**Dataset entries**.
□ □ □ □ □

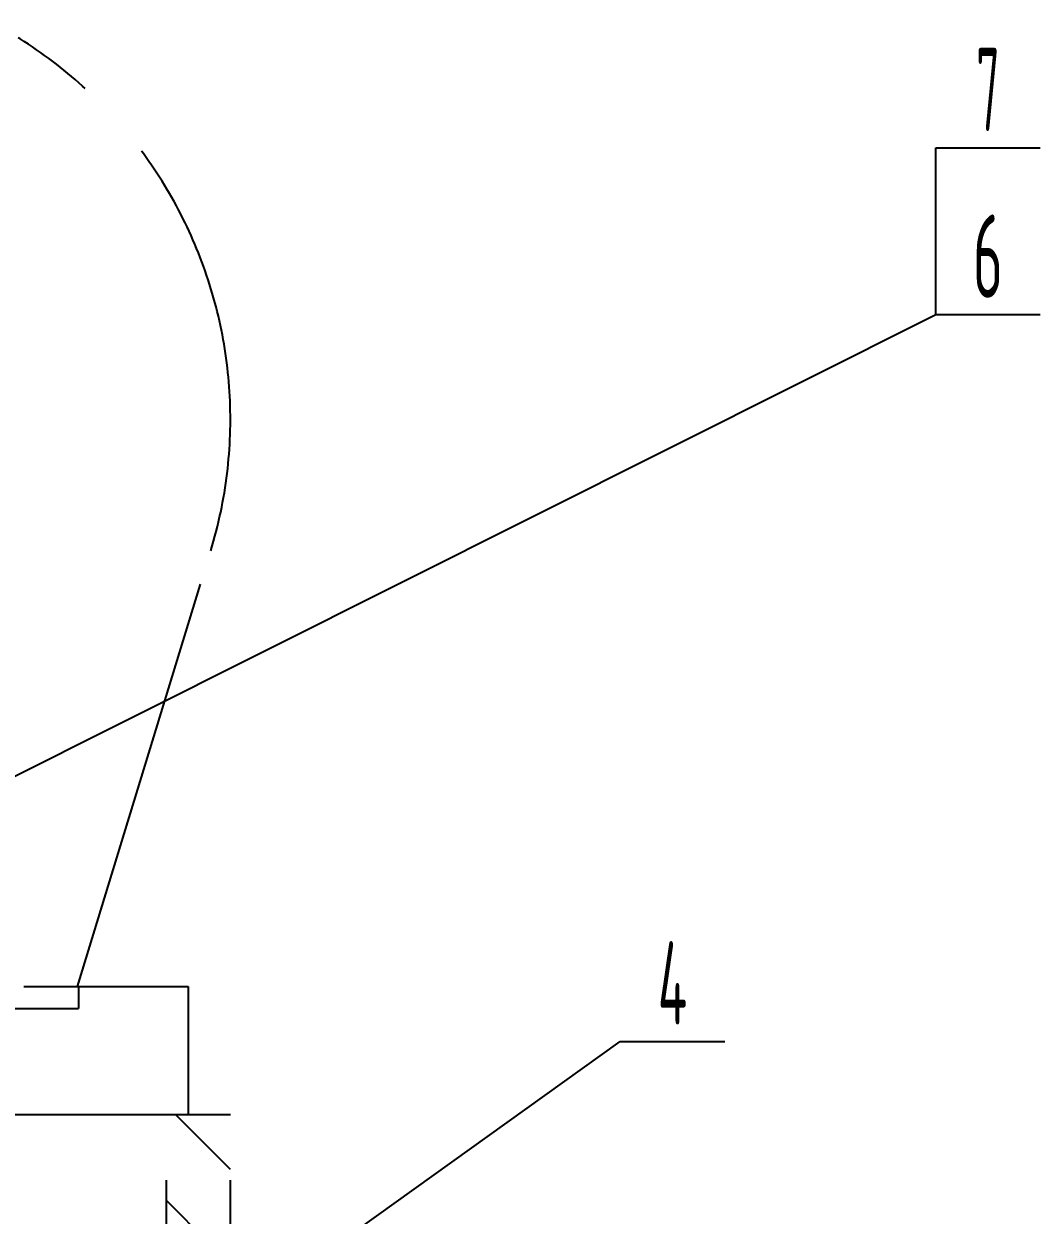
# Model space of a CAD drawing. Header units: millimetres. Extents: x 0 to 8400, y -232 to 5940.
# Drawn here: x 5297 to 5901, y 2758 to 3466 of the extents above; entities that cross this region are included whole.
import ezdxf
from ezdxf.enums import TextEntityAlignment as Align

# ---------------------------------------------------------------- set-up
doc = ezdxf.new("R2010")
doc.units = ezdxf.units.MM
doc.header["$LTSCALE"] = 200
doc.linetypes.add('K', pattern=[2.5, 1.25, -0.25, 0.25, -0.25, 0.25, -0.25])
for name, color, linetype in [('02', 1, 'Continuous'), ('07', 6, 'K'), ('11', 3, 'Continuous')]:
    doc.layers.add(name, color=color, linetype=linetype)
doc.styles.get("Standard").update_dxf_attribs({"font": 'isocp', "width": 0.707, "bigfont": 'intecad.shx'})

msp = doc.modelspace()

# ---------------------------------------------------------------- hatches: boundary and pattern name
at = {"layer": '07', "linetype": 'K'}
h = msp.add_hatch(dxfattribs=at)
h.set_pattern_fill('_USER', color=6, scale=40, angle=315, style=0, pattern_type=0)
h.set_pattern_definition([(315, (-5613.595, -549.57), (28.28427, 28.28427), [])])
h.paths.add_polyline_path([(5381.5981, 1948.2518), (5400.5981, 1929.2518), (5419.5981, 1929.2518), (5419.5981, 2818.2518), (5381.5981, 2818.2518)])

# ---------------------------------------------------------------- linework, layer by layer
at = {"layer": '02'}
for p, q in [((5838.5308, 3293.5259), (5838.5308, 3392.5209)), ((5838.5308, 3392.5209), (5900.5308, 3392.5209)), ((5251.8781, 2999.3485), (5838.5308, 3293.5259)), ((5838.5308, 3293.5259), (5900.5308, 3293.5259)), ((5078.3981, 2451.3399), (5651.1849, 2861.687)), ((5651.1849, 2861.687), (5713.1849, 2861.687))]:
    msp.add_line(p, q, dxfattribs=at)
at = {"layer": '07', "color": 6, "linetype": 'K'}
for p, q in [((5328.8243, 2894.2518), (5407.9474, 3153.2407)), ((5296.9481, 2894.2518), (5394.5981, 2894.2518)), ((5329.3481, 2894.2518), (5329.3481, 2881.2518)), ((5394.5981, 2894.2518), (5394.5981, 2818.2518)), ((3741.8481, 2881.2518), (5329.3481, 2881.2518)), ((2206.3481, 2818.2518), (5394.5981, 2818.2518)), ((5381.5981, 1929.2518), (5381.5981, 2818.2518)), ((5381.5981, 2818.2518), (5419.5981, 2818.2518)), ((5419.5981, 1929.2518), (5419.5981, 2818.2518))]:
    msp.add_line(p, q, dxfattribs=at)
msp.add_arc((5152.5981, 3231.2518), 267, 343.0116921, 61.6604405, dxfattribs=at)

# ---------------------------------------------------------------- texts
at = {"layer": '11'}
for s, width, p, p2 in [('7', 0.514182, (5862.5318, 3402.5209), (5876.5297, 3402.5209)), ('6', 0.600695, (5860.6168, 3303.5259), (5878.4448, 3303.5259)), ('4', 0.543846, (5673.4362, 2871.687), (5690.9336, 2871.687))]:
    msp.add_text(s, height=49.4975, dxfattribs=dict(at, width=width)).set_placement(p, p2, align=Align.FIT)

doc.saveas('drawing.dxf')
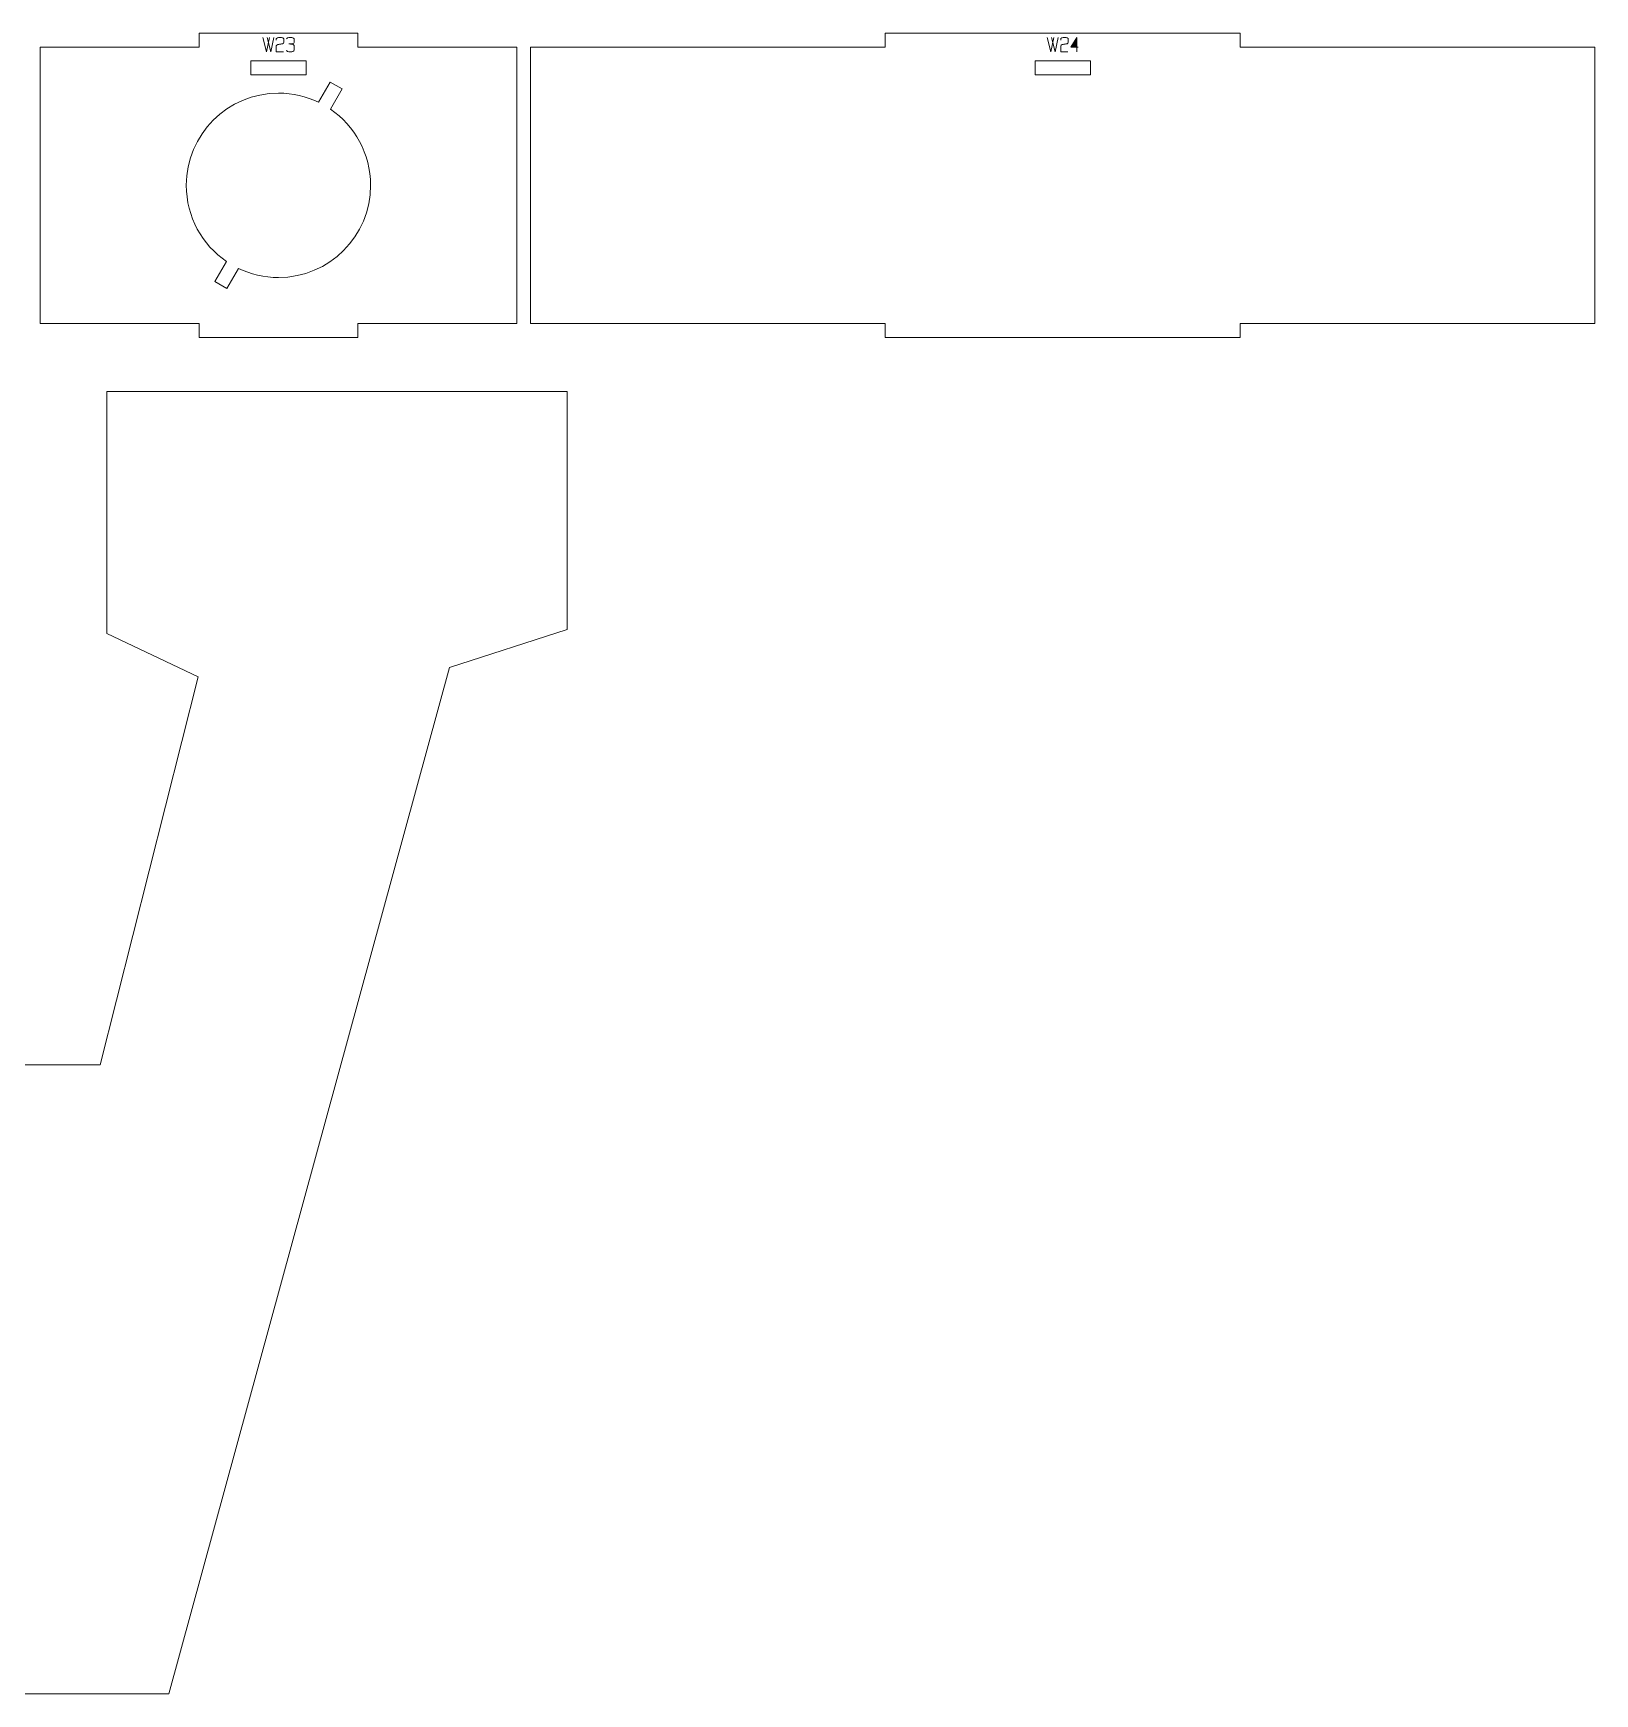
# Model space of a CAD drawing. Header units: centimetres. Extents: x -250 to 250, y -508 to 508.
# Drawn here: x 197.52 to 231.41, y -298.21 to -262.18 of the extents above; entities that cross this region are included whole.
import ezdxf

# ---------------------------------------------------------------- set-up
doc = ezdxf.new("R2010")
doc.units = ezdxf.units.CM
doc.header["$MEASUREMENT"] = 0
doc.layers.add('Capa 1', color=7, linetype='Continuous')

msp = doc.modelspace()

# ---------------------------------------------------------------- hatches: boundary and pattern name
at = {"layer": 'Capa 1', "true_color": 0x3e4095}
h = msp.add_hatch(color=175, dxfattribs=at)
edge = h.paths.add_edge_path()
edge.add_spline(control_points=[(202.49955, -262.27018), (202.49955, -262.27018), (202.57751, -262.58662), (202.57751, -262.58662), (202.57751, -262.58662), (202.64585, -262.27018), (202.64585, -262.27018), (202.64585, -262.27018), (202.64585, -262.27018), (202.64585, -262.27018), (202.64585, -262.27018), (202.57751, -262.58662), (202.57751, -262.58662), (202.57751, -262.58662), (202.49955, -262.27018), (202.49955, -262.27018)], knot_values=[0, 0, 0, 0, 0.2, 0.2, 0.2, 0.4, 0.4, 0.4, 0.6, 0.6, 0.6, 0.8, 0.8, 0.8, 1, 1, 1, 1], degree=3, periodic=1)
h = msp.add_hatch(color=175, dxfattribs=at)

□ □ □ □ □

When you repeat the data, keep it exact and drop every picture.

# Model space of a CAD drawing. Header units: millimetres. Extents: x 0 to 8400, y -232 to 5940.
# Drawn here: x 5297 to 5901, y 2758 to 3466 of the extents above; entities that cross this region are included whole.
import ezdxf
from ezdxf.enums import TextEntityAlignment as Align

# ---------------------------------------------------------------- set-up
doc = ezdxf.new("R2010")
doc.units = ezdxf.units.MM
doc.header["$LTSCALE"] = 200
doc.linetypes.add('K', pattern=[2.5, 1.25, -0.25, 0.25, -0.25, 0.25, -0.25])
for name, color, linetype in [('02', 1, 'Continuous'), ('07', 6, 'K'), ('11', 3, 'Continuous')]:
    doc.layers.add(name, color=color, linetype=linetype)
doc.styles.get("Standard").update_dxf_attribs({"font": 'isocp', "width": 0.707, "bigfont": 'intecad.shx'})

msp = doc.modelspace()

# ---------------------------------------------------------------- hatches: boundary and pattern name
at = {"layer": '07', "linetype": 'K'}
h = msp.add_hatch(dxfattribs=at)
h.set_pattern_fill('_USER', color=6, scale=40, angle=315, style=0, pattern_type=0)
h.set_pattern_definition([(315, (-5613.595, -549.57), (28.28427, 28.28427), [])])
h.paths.add_polyline_path([(5381.5981, 1948.2518), (5400.5981, 1929.2518), (5419.5981, 1929.2518), (5419.5981, 2818.2518), (5381.5981, 2818.2518)])

# ---------------------------------------------------------------- linework, layer by layer
at = {"layer": '02'}
for p, q in [((5838.5308, 3293.5259), (5838.5308, 3392.5209)), ((5838.5308, 3392.5209), (5900.5308, 3392.5209)), ((5251.8781, 2999.3485), (5838.5308, 3293.5259)), ((5838.5308, 3293.5259), (5900.5308, 3293.5259)), ((5078.3981, 2451.3399), (5651.1849, 2861.687)), ((5651.1849, 2861.687), (5713.1849, 2861.687))]:
    msp.add_line(p, q, dxfattribs=at)
at = {"layer": '07', "color": 6, "linetype": 'K'}
for p, q in [((5328.8243, 2894.2518), (5407.9474, 3153.2407)), ((5296.9481, 2894.2518), (5394.5981, 2894.2518)), ((5329.3481, 2894.2518), (5329.3481, 2881.2518)), ((5394.5981, 2894.2518), (5394.5981, 2818.2518)), ((3741.8481, 2881.2518), (5329.3481, 2881.2518)), ((2206.3481, 2818.2518), (5394.5981, 2818.2518)), ((5381.5981, 1929.2518), (5381.5981, 2818.2518)), ((5381.5981, 2818.2518), (5419.5981, 2818.2518)), ((5419.5981, 1929.2518), (5419.5981, 2818.2518))]:
    msp.add_line(p, q, dxfattribs=at)
msp.add_arc((5152.5981, 3231.2518), 267, 343.0116921, 61.6604405, dxfattribs=at)

# ---------------------------------------------------------------- texts
at = {"layer": '11'}
for s, width, p, p2 in [('7', 0.514182, (5862.5318, 3402.5209), (5876.5297, 3402.5209)), ('6', 0.600695, (5860.6168, 3303.5259), (5878.4448, 3303.5259)), ('4', 0.543846, (5673.4362, 2871.687), (5690.9336, 2871.687))]:
    msp.add_text(s, height=49.4975, dxfattribs=dict(at, width=width)).set_placement(p, p2, align=Align.FIT)

doc.saveas('drawing.dxf')
# Model space of a CAD drawing. Header units: centimetres. Extents: x -250 to 250, y -508 to 508.
# Drawn here: x 197.52 to 231.41, y -298.21 to -262.18 of the extents above; entities that cross this region are included whole.
import ezdxf

# ---------------------------------------------------------------- set-up
doc = ezdxf.new("R2010")
doc.units = ezdxf.units.CM
doc.header["$MEASUREMENT"] = 0
doc.layers.add('Capa 1', color=7, linetype='Continuous')

msp = doc.modelspace()

# ---------------------------------------------------------------- hatches: boundary and pattern name
at = {"layer": 'Capa 1', "true_color": 0x3e4095}
h = msp.add_hatch(color=175, dxfattribs=at)
edge = h.paths.add_edge_path()
edge.add_spline(control_points=[(202.49955, -262.27018), (202.49955, -262.27018), (202.57751, -262.58662), (202.57751, -262.58662), (202.57751, -262.58662), (202.64585, -262.27018), (202.64585, -262.27018), (202.64585, -262.27018), (202.64585, -262.27018), (202.64585, -262.27018), (202.64585, -262.27018), (202.57751, -262.58662), (202.57751, -262.58662), (202.57751, -262.58662), (202.49955, -262.27018), (202.49955, -262.27018)], knot_values=[0, 0, 0, 0, 0.2, 0.2, 0.2, 0.4, 0.4, 0.4, 0.6, 0.6, 0.6, 0.8, 0.8, 0.8, 1, 1, 1, 1], degree=3, periodic=1)
h = msp.add_hatch(color=175, dxfattribs=at)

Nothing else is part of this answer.